Thank you, Professor Benoit, for charting the dark current that runs from Mussolini to Musk. Up Front will keep tracing these patterns as we navigate America’s democratic crossroads.
Key Takeaways
- Fascism’s Core Mechanics: A single-party state under a dictator erases separation of powers, replaces independent courts and trade unions, and weds expansionism to state violence. Mussolini’s Blackshirts and Hitler’s Anschluss exemplify this model.
- Personality Cults: Authoritarian leaders blend relatability with a godlike aura, Mussolini’s shirtless photo-ops, Stalin’s parades, and Trump’s “saved by God” rhetoric all cement loyalty through spectacle and religious symbolism.
- Institutional Playbooks: Packing courts, neutralizing legislatures, and purging dissenting judges are structural assaults replicated from Mussolini to Orbán. Modern U.S. threats to federal judges echo historic tactics of internal demolition.
- Electoral Autocracy: Elections persist even as genuine competition is hollowed out, gerrymandering, media consolidation, and court-packing discussions in the U.S. mirror “rubber-stamp” legislatures in Mao’s China or Putin’s Russia.
- Digital Power Grabs: Elon Musk’s takeover of Twitter/X and access to regulatory bodies constitutes a “digital coup,” akin to historical self-coups but executed through servers and executive channels.
- State Violence Parallels: Unmarked vans, plainclothes raids, and paramilitary-style actions (e.g., ICE operations, January 6) recall the Blackshirts, SS, and NKVD, historic tools of clandestine terror.
- Domestic Authoritarian Roots: Jim Crow, internment camps, and U.S.-backed coups abroad highlight homegrown authoritarian traditions; comparing them with foreign regimes sharpens our understanding of systemic threats.

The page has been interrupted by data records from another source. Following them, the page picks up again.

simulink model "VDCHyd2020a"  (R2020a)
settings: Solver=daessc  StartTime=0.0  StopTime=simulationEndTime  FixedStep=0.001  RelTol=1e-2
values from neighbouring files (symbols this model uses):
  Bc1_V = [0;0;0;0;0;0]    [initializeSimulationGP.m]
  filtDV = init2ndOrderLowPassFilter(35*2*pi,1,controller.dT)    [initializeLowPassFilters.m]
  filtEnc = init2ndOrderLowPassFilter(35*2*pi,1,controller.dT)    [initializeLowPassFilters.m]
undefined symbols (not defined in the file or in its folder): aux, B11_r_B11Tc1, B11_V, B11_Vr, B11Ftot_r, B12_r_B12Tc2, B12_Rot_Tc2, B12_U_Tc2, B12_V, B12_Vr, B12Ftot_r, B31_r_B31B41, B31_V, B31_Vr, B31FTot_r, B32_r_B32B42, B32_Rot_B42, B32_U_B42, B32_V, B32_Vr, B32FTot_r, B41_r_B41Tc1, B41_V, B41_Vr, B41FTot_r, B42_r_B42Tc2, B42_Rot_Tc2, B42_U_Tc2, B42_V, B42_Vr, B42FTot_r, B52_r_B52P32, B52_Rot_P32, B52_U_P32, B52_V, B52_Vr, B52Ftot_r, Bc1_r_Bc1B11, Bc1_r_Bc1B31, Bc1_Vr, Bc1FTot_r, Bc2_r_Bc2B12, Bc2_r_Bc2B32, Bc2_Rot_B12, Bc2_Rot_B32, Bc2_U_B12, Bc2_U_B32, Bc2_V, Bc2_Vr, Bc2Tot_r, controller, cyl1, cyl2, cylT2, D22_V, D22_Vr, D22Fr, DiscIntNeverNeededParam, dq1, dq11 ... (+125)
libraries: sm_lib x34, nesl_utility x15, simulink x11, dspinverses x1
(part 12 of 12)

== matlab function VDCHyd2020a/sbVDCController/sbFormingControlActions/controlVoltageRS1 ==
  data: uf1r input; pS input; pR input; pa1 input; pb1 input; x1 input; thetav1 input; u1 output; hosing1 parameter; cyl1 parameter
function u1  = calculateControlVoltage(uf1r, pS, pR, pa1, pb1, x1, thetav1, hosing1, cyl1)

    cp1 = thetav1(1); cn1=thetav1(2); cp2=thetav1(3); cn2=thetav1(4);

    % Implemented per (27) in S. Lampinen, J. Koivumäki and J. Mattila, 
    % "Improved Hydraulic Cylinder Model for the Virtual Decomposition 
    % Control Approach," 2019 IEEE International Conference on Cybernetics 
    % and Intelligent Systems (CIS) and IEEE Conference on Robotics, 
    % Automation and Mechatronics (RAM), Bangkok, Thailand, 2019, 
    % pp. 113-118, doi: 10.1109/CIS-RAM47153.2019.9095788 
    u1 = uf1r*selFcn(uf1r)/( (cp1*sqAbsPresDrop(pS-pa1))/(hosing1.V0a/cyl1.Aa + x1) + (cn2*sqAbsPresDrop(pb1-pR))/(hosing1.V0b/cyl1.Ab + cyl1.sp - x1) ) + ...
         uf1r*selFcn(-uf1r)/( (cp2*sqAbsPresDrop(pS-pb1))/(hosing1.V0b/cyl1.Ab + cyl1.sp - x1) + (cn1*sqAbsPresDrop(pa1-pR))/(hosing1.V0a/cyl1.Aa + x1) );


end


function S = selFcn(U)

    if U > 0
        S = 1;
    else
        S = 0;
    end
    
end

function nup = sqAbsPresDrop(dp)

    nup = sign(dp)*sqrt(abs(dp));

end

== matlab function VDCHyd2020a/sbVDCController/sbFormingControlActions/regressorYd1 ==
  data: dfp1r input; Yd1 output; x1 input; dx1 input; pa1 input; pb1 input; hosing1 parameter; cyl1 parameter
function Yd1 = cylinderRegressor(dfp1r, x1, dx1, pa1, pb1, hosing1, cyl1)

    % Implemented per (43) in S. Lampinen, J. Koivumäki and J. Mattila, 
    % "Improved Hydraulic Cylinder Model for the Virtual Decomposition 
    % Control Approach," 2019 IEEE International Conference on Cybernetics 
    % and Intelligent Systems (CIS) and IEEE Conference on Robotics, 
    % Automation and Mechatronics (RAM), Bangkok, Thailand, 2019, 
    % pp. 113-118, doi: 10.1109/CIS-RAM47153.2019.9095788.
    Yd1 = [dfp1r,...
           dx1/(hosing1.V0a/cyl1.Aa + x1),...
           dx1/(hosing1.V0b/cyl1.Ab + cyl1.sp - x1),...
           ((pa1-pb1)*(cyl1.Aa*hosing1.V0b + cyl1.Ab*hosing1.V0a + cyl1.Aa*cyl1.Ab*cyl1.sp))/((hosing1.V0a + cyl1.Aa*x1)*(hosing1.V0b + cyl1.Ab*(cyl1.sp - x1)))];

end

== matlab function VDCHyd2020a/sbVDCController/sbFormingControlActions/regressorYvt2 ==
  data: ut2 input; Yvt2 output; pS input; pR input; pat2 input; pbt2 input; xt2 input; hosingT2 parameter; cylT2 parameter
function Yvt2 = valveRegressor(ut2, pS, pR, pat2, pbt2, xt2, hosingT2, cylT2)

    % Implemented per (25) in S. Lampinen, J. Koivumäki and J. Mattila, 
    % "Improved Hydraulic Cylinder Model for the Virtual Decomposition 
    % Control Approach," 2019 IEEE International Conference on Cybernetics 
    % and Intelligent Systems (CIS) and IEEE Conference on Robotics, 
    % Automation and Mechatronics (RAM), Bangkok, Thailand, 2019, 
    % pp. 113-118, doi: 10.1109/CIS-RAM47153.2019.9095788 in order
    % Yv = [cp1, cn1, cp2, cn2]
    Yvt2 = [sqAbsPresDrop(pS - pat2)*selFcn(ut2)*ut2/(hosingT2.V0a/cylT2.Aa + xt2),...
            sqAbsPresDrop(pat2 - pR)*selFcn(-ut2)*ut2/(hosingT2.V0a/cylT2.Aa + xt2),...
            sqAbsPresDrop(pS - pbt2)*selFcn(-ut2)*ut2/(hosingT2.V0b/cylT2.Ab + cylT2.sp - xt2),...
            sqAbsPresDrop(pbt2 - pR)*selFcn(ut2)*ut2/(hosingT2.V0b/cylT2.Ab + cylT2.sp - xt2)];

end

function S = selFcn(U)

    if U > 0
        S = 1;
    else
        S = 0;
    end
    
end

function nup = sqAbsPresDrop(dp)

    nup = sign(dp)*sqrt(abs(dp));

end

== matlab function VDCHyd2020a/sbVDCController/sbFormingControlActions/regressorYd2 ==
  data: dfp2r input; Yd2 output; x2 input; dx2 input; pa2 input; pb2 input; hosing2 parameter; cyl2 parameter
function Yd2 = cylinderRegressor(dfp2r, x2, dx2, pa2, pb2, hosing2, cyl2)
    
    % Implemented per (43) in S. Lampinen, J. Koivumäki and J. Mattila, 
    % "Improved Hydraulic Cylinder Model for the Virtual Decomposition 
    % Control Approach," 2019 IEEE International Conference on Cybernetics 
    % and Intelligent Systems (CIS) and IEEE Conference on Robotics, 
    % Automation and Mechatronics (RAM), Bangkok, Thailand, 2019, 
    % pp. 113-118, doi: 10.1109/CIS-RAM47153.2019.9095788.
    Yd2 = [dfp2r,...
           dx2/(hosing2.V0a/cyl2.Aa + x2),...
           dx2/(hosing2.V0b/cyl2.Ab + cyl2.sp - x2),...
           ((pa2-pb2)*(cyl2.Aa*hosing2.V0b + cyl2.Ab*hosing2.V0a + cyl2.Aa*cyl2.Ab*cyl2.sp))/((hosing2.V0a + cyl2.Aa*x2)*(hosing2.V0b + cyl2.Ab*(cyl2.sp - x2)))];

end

- Paths Forward: Rebuilding independent courts, a free press, and civic engagement is a long-term struggle, historic bureaucratic structures often outlast leaders, demanding sustained mobilization and legal reform.
Why It Matters
This analysis reveals that authoritarianism isn’t just distant history, it’s a living threat. By tracing tactics from Mussolini’s Italy to today’s digital power plays, Professor Benoit shows how violent spectacle, institutional capture, and sham elections can undermine democracy from within. Recognizing these patterns equips us to defend our institutions before it’s too late.
My Take
Fascism’s dark current runs through both grand spectacles and quiet legal maneuvers. It isn’t enough to decry bombastic rallies or online propaganda, we must watch for court-stacking, regulatory capture, and paramilitary tactics disguised as law enforcement. Our resilience depends on public awareness and proactive defense of democratic norms.
Join the Conversation
What parallels do you see between historic authoritarian tactics and today’s events? Share your thoughts below, like if you found this illuminating, and subscribe to stay ahead of the next installment of Up Front.
Keep Me Marginally Informed
Hell yes, they laid out the blueprint—and it’s uglier than a Mussolini moustache in a high-school yearbook. Watching today’s power players rip apart our institutions with court-stacking, coded “shock troops,” and paramilitary sidewalk snatch squads is like seeing history’s worst hits on a never-ending loop. You’ve got the same old authoritarian circus—only now the clowns livestream their cult rallies and rewrite the rules in real time. If we don’t light up the comment section, flood the phones of every “representative,” and drag these bastards back into the sunlight, we’ll wake up one morning wondering when we became extras in someone else’s dystopian live-action role-play. Props to Mara and Prof. Benoit for tracing this blood-red stitch through the fabric of democracy—now let’s rip it out before we all get sewn into the same damn uniform.